Robert Gordon’s sequel paper on the great stagnation

You will find his NBER paper here, in which he responds to critics and outlines his core argument that U.S. growth is doomed to be slow and subpar for a long time to come.  There is no point in summarizing this already-familiar debate, so let’s cut straight to the chase:

1. I agree with a great deal of this paper, to say the least, especially when it is compared to previous mainstream opinion on these topics.  My favorite parts are his discussions of how multi-faceted were the waves of earlier progress starting in the 19th century, compared to some of the more recent and weaker tech revolutions.  That said, in some key ways this piece falls short of meeting the standards of reasoned argumentation.

2. The single biggest question is how much the United States will be able to draw upon innovation from other countries, over the next say 40 years.  Gordon doesn’t discuss this in a serious way.  The rest of his paper simply lists a bunch of pessimistic factors (valid worries, I might add) and then declares he can’t think of anything else that might turn them around.  Maybe that should shift your “p,” but one’s own failure to imagine shouldn’t imply a very firm conclusion about impossibilities.

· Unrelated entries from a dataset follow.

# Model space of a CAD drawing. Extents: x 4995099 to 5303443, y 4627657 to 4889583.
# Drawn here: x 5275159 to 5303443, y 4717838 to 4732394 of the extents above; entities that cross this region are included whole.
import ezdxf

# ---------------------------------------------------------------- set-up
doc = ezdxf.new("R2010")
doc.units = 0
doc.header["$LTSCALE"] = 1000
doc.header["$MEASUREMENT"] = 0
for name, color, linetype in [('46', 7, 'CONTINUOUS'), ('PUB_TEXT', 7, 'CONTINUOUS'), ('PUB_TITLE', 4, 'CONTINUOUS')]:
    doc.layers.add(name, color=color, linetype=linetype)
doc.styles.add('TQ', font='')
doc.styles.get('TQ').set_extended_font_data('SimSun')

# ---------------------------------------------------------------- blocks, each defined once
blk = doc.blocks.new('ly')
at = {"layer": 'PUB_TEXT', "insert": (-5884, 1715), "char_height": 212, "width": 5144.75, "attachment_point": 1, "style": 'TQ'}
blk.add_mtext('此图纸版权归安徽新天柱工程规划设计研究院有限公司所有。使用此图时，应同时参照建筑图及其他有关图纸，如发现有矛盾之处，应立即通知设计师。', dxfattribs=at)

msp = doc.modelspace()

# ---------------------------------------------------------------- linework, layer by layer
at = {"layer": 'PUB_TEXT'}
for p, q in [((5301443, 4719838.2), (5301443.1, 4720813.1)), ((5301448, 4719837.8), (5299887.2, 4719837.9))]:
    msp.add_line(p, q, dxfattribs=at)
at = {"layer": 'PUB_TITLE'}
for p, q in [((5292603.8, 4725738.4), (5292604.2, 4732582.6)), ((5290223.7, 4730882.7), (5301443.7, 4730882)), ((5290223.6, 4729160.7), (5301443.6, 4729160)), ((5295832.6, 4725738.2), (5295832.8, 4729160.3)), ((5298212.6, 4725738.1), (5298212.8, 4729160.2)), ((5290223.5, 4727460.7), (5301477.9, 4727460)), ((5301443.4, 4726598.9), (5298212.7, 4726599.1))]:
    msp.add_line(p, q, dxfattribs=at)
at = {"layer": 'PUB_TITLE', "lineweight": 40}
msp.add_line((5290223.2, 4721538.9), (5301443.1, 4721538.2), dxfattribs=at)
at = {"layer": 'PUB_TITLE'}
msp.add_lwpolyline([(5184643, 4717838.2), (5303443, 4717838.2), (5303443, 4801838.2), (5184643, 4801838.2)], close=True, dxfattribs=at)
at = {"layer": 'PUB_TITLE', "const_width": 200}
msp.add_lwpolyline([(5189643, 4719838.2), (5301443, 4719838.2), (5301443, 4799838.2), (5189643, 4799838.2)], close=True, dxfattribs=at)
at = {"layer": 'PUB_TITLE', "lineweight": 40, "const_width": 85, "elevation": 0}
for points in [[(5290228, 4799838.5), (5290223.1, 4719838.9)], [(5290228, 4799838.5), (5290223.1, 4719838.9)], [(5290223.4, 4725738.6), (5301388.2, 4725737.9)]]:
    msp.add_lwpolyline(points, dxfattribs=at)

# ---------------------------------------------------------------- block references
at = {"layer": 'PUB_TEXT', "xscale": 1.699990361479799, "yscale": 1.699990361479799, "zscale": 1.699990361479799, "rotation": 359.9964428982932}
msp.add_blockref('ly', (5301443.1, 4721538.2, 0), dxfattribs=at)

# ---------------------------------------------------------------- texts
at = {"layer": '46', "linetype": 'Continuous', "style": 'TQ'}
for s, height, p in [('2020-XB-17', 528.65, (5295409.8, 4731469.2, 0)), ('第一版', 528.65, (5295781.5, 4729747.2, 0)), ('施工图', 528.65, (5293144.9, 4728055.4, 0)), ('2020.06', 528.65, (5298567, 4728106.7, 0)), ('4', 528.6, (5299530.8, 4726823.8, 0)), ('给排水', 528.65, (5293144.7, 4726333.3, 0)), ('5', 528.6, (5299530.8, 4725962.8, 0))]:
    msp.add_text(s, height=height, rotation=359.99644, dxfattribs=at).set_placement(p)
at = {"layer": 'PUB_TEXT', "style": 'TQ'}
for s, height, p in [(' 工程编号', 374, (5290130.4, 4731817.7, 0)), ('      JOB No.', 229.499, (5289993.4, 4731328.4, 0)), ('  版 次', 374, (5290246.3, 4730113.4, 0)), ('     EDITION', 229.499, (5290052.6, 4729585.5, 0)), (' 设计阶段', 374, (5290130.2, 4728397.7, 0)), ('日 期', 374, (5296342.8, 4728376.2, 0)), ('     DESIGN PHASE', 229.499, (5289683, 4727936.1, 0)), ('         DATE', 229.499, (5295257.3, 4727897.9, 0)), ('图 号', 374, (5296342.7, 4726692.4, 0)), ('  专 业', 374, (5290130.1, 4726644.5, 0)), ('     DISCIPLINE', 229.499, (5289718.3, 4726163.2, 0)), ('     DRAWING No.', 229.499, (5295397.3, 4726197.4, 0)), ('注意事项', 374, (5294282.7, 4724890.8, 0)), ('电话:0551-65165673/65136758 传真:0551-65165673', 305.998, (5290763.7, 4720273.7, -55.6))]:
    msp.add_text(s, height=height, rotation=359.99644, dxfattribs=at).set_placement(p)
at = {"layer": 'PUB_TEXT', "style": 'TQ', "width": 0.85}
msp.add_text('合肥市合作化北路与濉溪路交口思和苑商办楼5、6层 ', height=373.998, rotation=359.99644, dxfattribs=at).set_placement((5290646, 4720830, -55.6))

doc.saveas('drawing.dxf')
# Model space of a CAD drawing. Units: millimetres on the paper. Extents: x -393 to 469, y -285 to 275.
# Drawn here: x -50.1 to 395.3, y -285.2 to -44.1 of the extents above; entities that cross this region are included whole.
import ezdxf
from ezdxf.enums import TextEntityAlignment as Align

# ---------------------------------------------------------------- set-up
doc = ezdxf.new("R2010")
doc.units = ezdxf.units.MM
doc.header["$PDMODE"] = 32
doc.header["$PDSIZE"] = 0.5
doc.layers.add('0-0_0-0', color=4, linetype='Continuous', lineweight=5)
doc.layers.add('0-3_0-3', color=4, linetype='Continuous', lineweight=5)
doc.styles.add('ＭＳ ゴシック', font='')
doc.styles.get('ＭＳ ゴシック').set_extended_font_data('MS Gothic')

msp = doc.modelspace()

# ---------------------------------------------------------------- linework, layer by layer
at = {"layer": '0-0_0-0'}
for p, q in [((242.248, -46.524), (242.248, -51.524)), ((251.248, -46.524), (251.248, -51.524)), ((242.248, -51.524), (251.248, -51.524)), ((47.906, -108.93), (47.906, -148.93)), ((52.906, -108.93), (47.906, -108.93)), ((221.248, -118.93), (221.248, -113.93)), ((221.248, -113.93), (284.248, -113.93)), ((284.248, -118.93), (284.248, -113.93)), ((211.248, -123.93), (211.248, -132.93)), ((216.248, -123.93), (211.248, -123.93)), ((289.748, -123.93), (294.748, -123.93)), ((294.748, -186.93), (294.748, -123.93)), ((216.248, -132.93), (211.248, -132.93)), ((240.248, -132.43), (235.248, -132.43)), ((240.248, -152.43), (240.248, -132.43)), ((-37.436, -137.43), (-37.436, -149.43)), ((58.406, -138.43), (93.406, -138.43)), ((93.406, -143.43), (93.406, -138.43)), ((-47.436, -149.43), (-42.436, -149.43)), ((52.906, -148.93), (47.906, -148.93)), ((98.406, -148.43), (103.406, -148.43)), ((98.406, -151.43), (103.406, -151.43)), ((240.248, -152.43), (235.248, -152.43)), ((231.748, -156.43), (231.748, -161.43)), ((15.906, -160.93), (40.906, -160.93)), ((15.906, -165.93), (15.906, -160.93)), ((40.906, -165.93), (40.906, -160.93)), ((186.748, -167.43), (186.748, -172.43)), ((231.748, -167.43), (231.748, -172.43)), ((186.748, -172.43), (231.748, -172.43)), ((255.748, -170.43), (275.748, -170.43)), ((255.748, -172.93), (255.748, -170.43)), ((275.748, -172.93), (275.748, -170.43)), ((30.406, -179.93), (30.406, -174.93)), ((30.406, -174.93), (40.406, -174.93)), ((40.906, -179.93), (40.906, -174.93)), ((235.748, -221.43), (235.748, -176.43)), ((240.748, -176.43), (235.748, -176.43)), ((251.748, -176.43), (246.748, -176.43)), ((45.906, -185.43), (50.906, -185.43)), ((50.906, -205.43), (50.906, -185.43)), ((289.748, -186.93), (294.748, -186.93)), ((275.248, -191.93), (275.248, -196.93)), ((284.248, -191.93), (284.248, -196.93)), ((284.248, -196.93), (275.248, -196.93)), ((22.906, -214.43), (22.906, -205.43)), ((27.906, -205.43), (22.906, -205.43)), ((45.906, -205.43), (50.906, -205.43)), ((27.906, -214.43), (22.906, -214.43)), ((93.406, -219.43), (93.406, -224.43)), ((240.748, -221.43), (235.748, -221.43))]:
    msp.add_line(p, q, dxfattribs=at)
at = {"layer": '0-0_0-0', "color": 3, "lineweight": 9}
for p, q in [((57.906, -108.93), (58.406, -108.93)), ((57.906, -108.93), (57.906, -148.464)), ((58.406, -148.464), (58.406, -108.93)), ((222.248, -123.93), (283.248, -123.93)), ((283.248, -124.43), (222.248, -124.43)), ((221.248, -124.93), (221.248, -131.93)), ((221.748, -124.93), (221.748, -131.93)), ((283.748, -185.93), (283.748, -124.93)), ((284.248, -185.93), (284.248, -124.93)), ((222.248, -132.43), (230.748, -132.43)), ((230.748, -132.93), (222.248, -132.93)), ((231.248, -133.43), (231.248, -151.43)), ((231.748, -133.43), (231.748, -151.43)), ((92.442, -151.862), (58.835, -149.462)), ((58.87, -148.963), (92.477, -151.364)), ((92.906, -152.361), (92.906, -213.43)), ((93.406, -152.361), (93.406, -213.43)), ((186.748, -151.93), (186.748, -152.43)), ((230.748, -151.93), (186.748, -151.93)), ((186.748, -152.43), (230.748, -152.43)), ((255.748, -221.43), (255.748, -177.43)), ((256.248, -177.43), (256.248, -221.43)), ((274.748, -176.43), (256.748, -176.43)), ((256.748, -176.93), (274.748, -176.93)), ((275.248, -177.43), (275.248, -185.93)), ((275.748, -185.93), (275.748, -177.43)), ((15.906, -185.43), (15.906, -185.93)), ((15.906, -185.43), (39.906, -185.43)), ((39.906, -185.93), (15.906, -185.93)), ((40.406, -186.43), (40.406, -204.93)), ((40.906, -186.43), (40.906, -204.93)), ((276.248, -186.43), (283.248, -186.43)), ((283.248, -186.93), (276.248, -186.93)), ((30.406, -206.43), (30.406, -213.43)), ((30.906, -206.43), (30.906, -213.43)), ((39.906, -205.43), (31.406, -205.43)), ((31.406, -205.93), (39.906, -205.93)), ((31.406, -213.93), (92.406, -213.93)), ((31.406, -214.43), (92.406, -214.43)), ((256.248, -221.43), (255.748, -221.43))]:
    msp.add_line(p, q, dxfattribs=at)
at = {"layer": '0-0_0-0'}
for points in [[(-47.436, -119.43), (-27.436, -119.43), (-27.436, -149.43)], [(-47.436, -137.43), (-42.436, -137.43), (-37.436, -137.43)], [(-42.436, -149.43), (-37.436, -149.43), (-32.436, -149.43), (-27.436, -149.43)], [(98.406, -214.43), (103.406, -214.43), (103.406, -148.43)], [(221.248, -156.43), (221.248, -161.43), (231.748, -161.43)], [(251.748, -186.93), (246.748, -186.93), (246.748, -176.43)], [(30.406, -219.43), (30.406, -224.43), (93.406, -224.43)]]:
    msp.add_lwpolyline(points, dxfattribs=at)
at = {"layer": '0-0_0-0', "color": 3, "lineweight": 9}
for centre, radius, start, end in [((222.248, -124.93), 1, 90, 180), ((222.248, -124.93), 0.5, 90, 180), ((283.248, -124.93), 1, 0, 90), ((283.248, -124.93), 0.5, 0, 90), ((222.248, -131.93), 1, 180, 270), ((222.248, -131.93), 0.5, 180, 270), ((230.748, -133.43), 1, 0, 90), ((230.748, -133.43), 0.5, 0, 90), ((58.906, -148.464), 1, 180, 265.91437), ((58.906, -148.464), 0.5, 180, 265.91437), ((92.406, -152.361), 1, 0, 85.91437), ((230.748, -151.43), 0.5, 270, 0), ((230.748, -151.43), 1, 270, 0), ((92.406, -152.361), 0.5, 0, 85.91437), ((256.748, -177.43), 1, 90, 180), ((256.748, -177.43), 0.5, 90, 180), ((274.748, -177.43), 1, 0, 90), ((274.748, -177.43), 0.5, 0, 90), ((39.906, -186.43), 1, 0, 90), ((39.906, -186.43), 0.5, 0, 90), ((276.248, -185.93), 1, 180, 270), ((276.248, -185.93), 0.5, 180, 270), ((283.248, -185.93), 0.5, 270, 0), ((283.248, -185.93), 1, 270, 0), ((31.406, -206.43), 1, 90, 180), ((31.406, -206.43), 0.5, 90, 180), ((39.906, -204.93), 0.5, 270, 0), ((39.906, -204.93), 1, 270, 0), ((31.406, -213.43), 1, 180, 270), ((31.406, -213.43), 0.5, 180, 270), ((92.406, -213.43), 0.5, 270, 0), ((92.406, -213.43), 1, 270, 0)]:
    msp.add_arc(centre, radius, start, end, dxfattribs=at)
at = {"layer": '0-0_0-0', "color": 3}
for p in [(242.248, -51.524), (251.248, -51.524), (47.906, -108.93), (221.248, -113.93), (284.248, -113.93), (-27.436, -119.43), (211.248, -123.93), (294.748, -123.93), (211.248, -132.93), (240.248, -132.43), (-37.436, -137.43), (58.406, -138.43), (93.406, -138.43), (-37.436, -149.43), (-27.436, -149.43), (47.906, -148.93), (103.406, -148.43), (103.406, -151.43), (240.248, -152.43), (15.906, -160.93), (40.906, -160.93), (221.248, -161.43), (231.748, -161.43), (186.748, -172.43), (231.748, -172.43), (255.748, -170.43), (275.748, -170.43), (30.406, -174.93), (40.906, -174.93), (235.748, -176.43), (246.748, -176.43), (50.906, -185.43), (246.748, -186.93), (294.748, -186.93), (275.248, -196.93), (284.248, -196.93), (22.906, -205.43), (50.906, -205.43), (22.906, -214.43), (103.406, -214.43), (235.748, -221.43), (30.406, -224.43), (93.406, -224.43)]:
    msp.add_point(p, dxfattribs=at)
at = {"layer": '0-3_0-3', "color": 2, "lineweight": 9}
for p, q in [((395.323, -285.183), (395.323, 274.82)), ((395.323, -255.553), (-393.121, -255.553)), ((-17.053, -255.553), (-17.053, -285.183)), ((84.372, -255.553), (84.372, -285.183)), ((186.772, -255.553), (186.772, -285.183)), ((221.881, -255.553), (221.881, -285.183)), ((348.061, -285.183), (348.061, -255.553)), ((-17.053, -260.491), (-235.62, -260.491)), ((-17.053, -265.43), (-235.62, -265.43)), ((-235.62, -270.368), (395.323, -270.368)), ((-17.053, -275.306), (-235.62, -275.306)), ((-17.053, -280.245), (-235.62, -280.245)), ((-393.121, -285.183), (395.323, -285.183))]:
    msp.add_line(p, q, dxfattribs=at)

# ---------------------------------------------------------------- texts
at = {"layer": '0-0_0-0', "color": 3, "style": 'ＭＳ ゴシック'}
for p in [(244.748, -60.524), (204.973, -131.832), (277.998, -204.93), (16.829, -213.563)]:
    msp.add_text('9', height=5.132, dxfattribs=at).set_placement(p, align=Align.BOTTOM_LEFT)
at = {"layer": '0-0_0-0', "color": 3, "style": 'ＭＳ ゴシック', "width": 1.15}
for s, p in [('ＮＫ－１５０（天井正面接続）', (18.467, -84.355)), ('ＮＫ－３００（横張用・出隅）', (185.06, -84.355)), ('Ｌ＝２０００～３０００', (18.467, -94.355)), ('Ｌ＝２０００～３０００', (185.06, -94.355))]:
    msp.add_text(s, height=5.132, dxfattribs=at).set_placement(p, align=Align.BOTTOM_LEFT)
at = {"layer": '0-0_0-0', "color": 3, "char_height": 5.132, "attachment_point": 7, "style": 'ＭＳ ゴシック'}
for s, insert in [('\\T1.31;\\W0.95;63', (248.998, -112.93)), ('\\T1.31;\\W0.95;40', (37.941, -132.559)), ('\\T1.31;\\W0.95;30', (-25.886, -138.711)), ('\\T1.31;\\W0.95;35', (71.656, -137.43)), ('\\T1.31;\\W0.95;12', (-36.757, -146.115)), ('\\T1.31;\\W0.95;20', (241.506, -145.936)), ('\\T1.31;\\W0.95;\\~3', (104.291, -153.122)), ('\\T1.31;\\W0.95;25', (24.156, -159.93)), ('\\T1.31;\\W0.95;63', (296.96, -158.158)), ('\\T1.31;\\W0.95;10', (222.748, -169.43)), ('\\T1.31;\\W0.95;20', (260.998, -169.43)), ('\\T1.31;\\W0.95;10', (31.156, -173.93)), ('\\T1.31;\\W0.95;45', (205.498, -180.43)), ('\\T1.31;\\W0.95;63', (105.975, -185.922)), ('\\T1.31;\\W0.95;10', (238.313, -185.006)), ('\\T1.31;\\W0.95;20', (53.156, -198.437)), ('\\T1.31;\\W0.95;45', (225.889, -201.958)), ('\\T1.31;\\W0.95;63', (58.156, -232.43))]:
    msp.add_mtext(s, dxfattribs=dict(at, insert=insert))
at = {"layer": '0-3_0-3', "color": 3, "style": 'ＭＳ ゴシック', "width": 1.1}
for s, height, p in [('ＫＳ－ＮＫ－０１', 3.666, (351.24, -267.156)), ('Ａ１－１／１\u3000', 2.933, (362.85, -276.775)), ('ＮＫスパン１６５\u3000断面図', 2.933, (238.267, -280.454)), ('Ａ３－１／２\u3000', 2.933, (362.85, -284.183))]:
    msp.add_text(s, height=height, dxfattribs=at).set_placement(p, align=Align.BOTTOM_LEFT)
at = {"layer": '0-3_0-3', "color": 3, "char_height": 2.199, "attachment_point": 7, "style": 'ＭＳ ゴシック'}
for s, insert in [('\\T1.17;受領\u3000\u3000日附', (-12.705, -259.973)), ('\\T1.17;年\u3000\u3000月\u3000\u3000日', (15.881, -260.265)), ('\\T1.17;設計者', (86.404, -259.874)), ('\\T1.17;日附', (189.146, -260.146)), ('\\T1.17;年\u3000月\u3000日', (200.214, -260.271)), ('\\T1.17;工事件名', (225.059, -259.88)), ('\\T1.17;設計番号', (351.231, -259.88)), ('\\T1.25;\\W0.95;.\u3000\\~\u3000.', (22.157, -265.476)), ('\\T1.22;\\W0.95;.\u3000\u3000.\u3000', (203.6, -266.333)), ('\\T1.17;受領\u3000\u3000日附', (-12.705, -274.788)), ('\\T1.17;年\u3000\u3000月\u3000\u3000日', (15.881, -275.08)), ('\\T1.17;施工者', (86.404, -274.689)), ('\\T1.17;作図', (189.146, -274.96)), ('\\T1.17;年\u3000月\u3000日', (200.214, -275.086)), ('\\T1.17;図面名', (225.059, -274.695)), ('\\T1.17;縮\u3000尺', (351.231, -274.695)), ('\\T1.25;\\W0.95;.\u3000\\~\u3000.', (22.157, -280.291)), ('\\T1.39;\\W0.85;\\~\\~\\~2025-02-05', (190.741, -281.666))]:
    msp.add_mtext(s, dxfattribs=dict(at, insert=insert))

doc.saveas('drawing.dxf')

3. There is a key passage on p.26: “My forecast of 1.3 percent annual total-economy productivity growth in the future does not require any foresight beyond suggesting that the past 40 years are a more relevant benchmark of feasible productivity growth than the 80 years of before 1972.”  Fair enough, but how about looking at the last 120 years or last 120,000 years for that matter?  The overall pattern is lots of pauses, followed by eventual new bursts of progress.  That’s no proof of a future subsequent burst of progress, but so far history is not on the side of the long-term tech pessimists.  It may be on the side of the short-term tech pessimists, at least for a while.  Gordon, in 2003, wrote rather wisely: “But is it possible to be so sure which decades into the past are relevant for predictions…”

4. Gordon doesn’t know much about the literature on driverless vehicles and their potential, and yet he escalates his rhetoric to the point of giving the reader the impression that he approaches the entire question of tech progress with simple irritation: “This category of future progress is demoted to last place because it offers benefits that are so minor [compared to cars]…”

5. Advances in the biosciences are dismissed in two short paragraphs.  For sure, I am myself somewhat in tune with the pessimistic perspective here.  I think these advances were way over-promised and still may take longer than people think.  Still, Gordon doesn’t offer any argument.  His first sentence of that brief section says it all: “Future advances in medicine related to the genome have already proved to be disappointing.”  This is a simple confusion of past and future tense.

6. Gordon significantly underestimates already existing advances in software, automation, robotics and related technologies.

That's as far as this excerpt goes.